Repository files navigation

Solution to Technical Task for a position of Data Engineer @ CrossLend

Description :

We would like to propose that you familiarize yourself with the housing market in Berlin, and hence suggest that you to build a data pipeline to integrate the data for the flats available for rent in Berlin.

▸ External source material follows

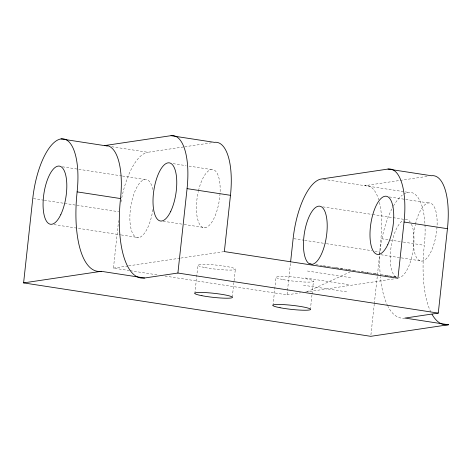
<?xml version="1.0" encoding="UTF-8"?>
<svg xmlns="http://www.w3.org/2000/svg" width="472" height="472" viewBox="0 0 472 472"><rect width="100%" height="100%" fill="white"/><g stroke="black" fill="none" stroke-linecap="round" stroke-linejoin="round"><path stroke-width="0.35" stroke-dasharray="2.36 1.77" d="M129.428 270.58L113.445 268.12L118.608 220.625M194.853 293.566L197.957 264.904M232.312 297.094L235.369 268.957M272.963 305.591L276.067 276.922M165.011 276.055L287.029 294.835L287.424 291.183M287.507 290.451L290.522 262.68M310.375 309.644L312.016 294.498M312.069 293.962L313.479 280.982M370.921 334.872L374.243 304.31M374.32 303.584L379.535 255.564M379.618 254.833L379.93 251.924A56.929 21.57 -81.3 0 1 393.111 206.6M306.947 291.861L350.082 271.943M111.693 146.715L147.854 152.279L184.021 146.886M184.741 146.774L211.509 142.786M427.036 176.392L364.832 185.673A56.929 21.57 -81.3 0 1 378.727 199.809M113.445 268.12L127.947 265.96M128.667 265.848L180.139 258.172M180.864 258.066L224.353 251.582M287.029 294.835L300.546 292.817M305.526 292.074L395.029 278.728M393.925 276.804L396.793 277.088L379.435 274.415M323.603 179.325L408.227 192.346M173.112 163.648L186.133 165.654M189.024 166.097L211.444 169.548M389.365 196.93L428.423 202.942M62.446 166.787L121.758 175.914M122.478 176.026L144.898 179.472M322.818 206.854L372.001 214.424M372.727 214.536L403.826 219.321M379.423 202.34A56.929 21.57 -81.3 0 1 380.898 238.631L402.598 241.971M403.324 242.077L424.298 245.304A85.397 32.35 -81.3 0 0 430.777 311.927M33.494 198.612L43.619 200.169M44.339 200.281L76.163 205.178M76.889 205.285L118.838 211.745M293.867 238.679L303.992 240.236M304.711 240.348L325.686 243.576M326.412 243.688L371.977 250.697M374.868 251.145L379.93 251.924M163.182 221.238L183.431 224.353M184.157 224.465L205.131 227.693M380.88 254.738L422.104 261.081M315.792 264.621L351.953 270.185M353.398 270.409L378.715 274.303M323.049 265.895L328.111 266.674M334.618 267.677L336.07 267.901M336.79 268.013L339.681 268.456M340.406 268.568L343.297 269.01M346.194 269.459L347.64 269.683M348.36 269.795L351.257 270.238M351.976 270.35L354.873 270.792M361.381 271.795L362.826 272.019M363.552 272.132L366.443 272.574M367.169 272.686L370.06 273.135M372.951 273.577L374.402 273.801M375.122 273.913L378.019 274.356M384.527 275.359L385.972 275.583M386.698 275.689L389.589 276.138M390.309 276.25L393.206 276.692M53.961 224.595L120.502 234.832M121.227 234.944L138.585 237.617M395.341 277.129L396.787 277.353M307.449 271.022L350.843 277.701M305.349 277.99L348.743 284.669M303.466 285.212L346.861 291.891M130.154 270.692L157.748 274.94M120.962 202.022A56.929 21.57 -81.3 0 1 147.854 152.279M403.607 194.187A56.929 21.57 -81.3 0 1 424.947 224.029M424.989 224.772A56.929 21.57 -81.3 0 1 424.298 245.304M393.459 205.993A56.929 21.57 -81.3 0 1 402.28 195.125M152.851 209.603A29.412 11.145 -81.3 0 1 134.662 236.277A29.412 11.145 -81.3 0 1 134.461 192.493A29.412 11.145 -81.3 0 1 152.757 189.49M405.271 219.545A29.412 11.145 -81.3 0 1 410.133 221.94M411.46 224.206A29.412 11.145 -81.3 0 1 412.015 256.078A29.412 11.145 -81.3 0 1 398.958 277.689M396.096 277.141A29.412 11.145 -81.3 0 1 390.834 248.803A29.412 11.145 -81.3 0 1 403.442 220.17M198.488 190.735A29.412 11.145 -81.3 0 1 212.518 169.519A29.412 11.145 -81.3 0 1 220.082 192.788M220.04 193.473A29.412 11.145 -81.3 0 1 204.057 227.722A29.412 11.145 -81.3 0 1 198.328 191.408M415.466 224.129A29.412 11.145 -81.3 0 1 429.496 202.913A29.412 11.145 -81.3 0 1 437.06 226.182M437.019 226.867A29.412 11.145 -81.3 0 1 421.03 261.116A29.412 11.145 -81.3 0 1 415.307 224.796M405.005 318.069A85.397 32.35 -81.3 0 1 387.996 306.464M387.683 305.862A85.397 32.35 -81.3 0 1 380.397 276.71M380.326 276.002A85.397 32.35 -81.3 0 1 379.742 255.381M379.759 254.662A85.397 32.35 -81.3 0 1 380.898 238.631M283.111 279.589A18.974 2.047 6.2 0 0 313.432 281.513A18.974 2.047 6.2 0 0 287.702 276.551A18.974 2.047 6.2 0 0 283.111 279.589M205.001 267.571A18.974 2.047 6.2 0 0 235.316 269.494A18.974 2.047 6.2 0 0 209.592 264.526A18.974 2.047 6.2 0 0 205.001 267.571"/><path stroke-width="0.71" d="M432.016 314.299A85.397 32.35 -81.3 0 0 448.4 324.748L370.762 336.324L23.6 282.899L32.769 198.5A56.929 21.57 -81.3 0 1 61.065 138.921L104.46 145.6L171.006 135.676L214.4 142.355A56.929 21.57 -81.3 0 1 230.472 195.314L224.353 251.582L397.937 278.291L404.05 222.023A56.929 21.57 -81.3 0 0 387.984 169.065L321.438 178.994A56.929 21.57 -81.3 0 0 293.142 238.566L290.599 261.948M23.6 282.899L101.238 271.317L144.633 277.996L177.903 273.034L187.071 188.635A56.929 21.57 -81.3 0 0 171.006 135.676M448.4 324.748L405.005 318.069L438.276 313.107L447.444 228.702A56.929 21.57 -81.3 0 0 431.378 175.743L387.984 169.065M105.905 145.824L107.35 146.049M187.071 188.635L230.472 195.314M404.05 222.023L447.444 228.702M61.065 138.921A56.929 21.57 -81.3 0 1 77.131 191.88L120.525 198.559A85.397 32.35 -81.3 0 0 144.633 277.996M177.903 273.034L438.276 313.107M104.46 145.6A56.929 21.57 -81.3 0 1 120.525 198.559M101.238 271.317A85.397 32.35 -81.3 0 1 77.131 191.88M310.004 263.73L309.308 263.783A29.412 11.145 -81.3 0 1 308.576 217.881A29.412 11.145 -81.3 0 1 327.043 221.421A29.412 11.145 -81.3 0 1 312.163 264.332L310.004 263.73M60.823 214.536A29.412 11.145 -81.3 0 0 60.965 166.669A29.412 11.145 -81.3 0 0 43.064 204.364A29.412 11.145 -81.3 0 0 60.823 214.536M387.742 244.679A29.412 11.145 -81.3 0 0 387.884 196.812A29.412 11.145 -81.3 0 0 369.983 234.507A29.412 11.145 -81.3 0 0 387.742 244.679M170.764 211.291A29.412 11.145 -81.3 0 0 170.911 163.418A29.412 11.145 -81.3 0 0 153.005 201.119A29.412 11.145 -81.3 0 0 170.764 211.291M280.055 307.726A18.974 2.047 6.2 0 0 310.375 309.644A18.974 2.047 6.2 0 0 284.645 304.682A18.974 2.047 6.2 0 0 280.055 307.726M201.945 295.702A18.974 2.047 6.2 0 0 232.259 297.625A18.974 2.047 6.2 0 0 206.535 292.664A18.974 2.047 6.2 0 0 201.945 295.702"/></g></svg>

The objective of this pipeline is to deliver data to the analytics layer for data science research.

Approach:

  1. Create a class which will consist of all the API calls.
  2. In the main.py create an object for the class and use the same for any api call.
  3. Modularise the code according to their functioning.
  4. Add logging for better debugging.
  5. Add required comments to increase the readability of the code.
  6. Add the docker file to containerize the solution.
  7. Add all the dependency in requirements.txt.
  8. Write the DF to s3 as well as postgres.
  9. Add the airflow DAG consider we have k8s to spin pods.

Command:
python main.py --config '{"key":"dffbab93-44e9-41c2-bfff-6bab66c89b6c", "s3_output_location": "s3://crosslen_datalake/homeloans/", "user":"sysadmin", "password":"sysadmin@123", "host":"127.0.0.1", "port":"5432", "database":"postgres_db"}'

Config:
A variable to be created in Airflow named: immobilienscout24_conf

{"key":"dffbab93-44e9-41c2-bfff-6bab66c89b6c",
"s3_output_location": "s3://crosslen_datalake/homeloans/",  
"user":"sysadmin",  
"password":"sysadmin@123",  
"host":"127.0.0.1", "port":"5432",  
"database":"postgres_db"}

Deployment:
Image (named flat-data-ingestion) to be build using Jenkins and and update in the airflow variable crosslend_images_config

Schedule in the DAG is for everyday.

P.S : All the scheduling assumption as per the current env. I am working. This can very accordingly.

P.P.S : The host am using is not working anymore. Hence the write to destination part is needs more testing.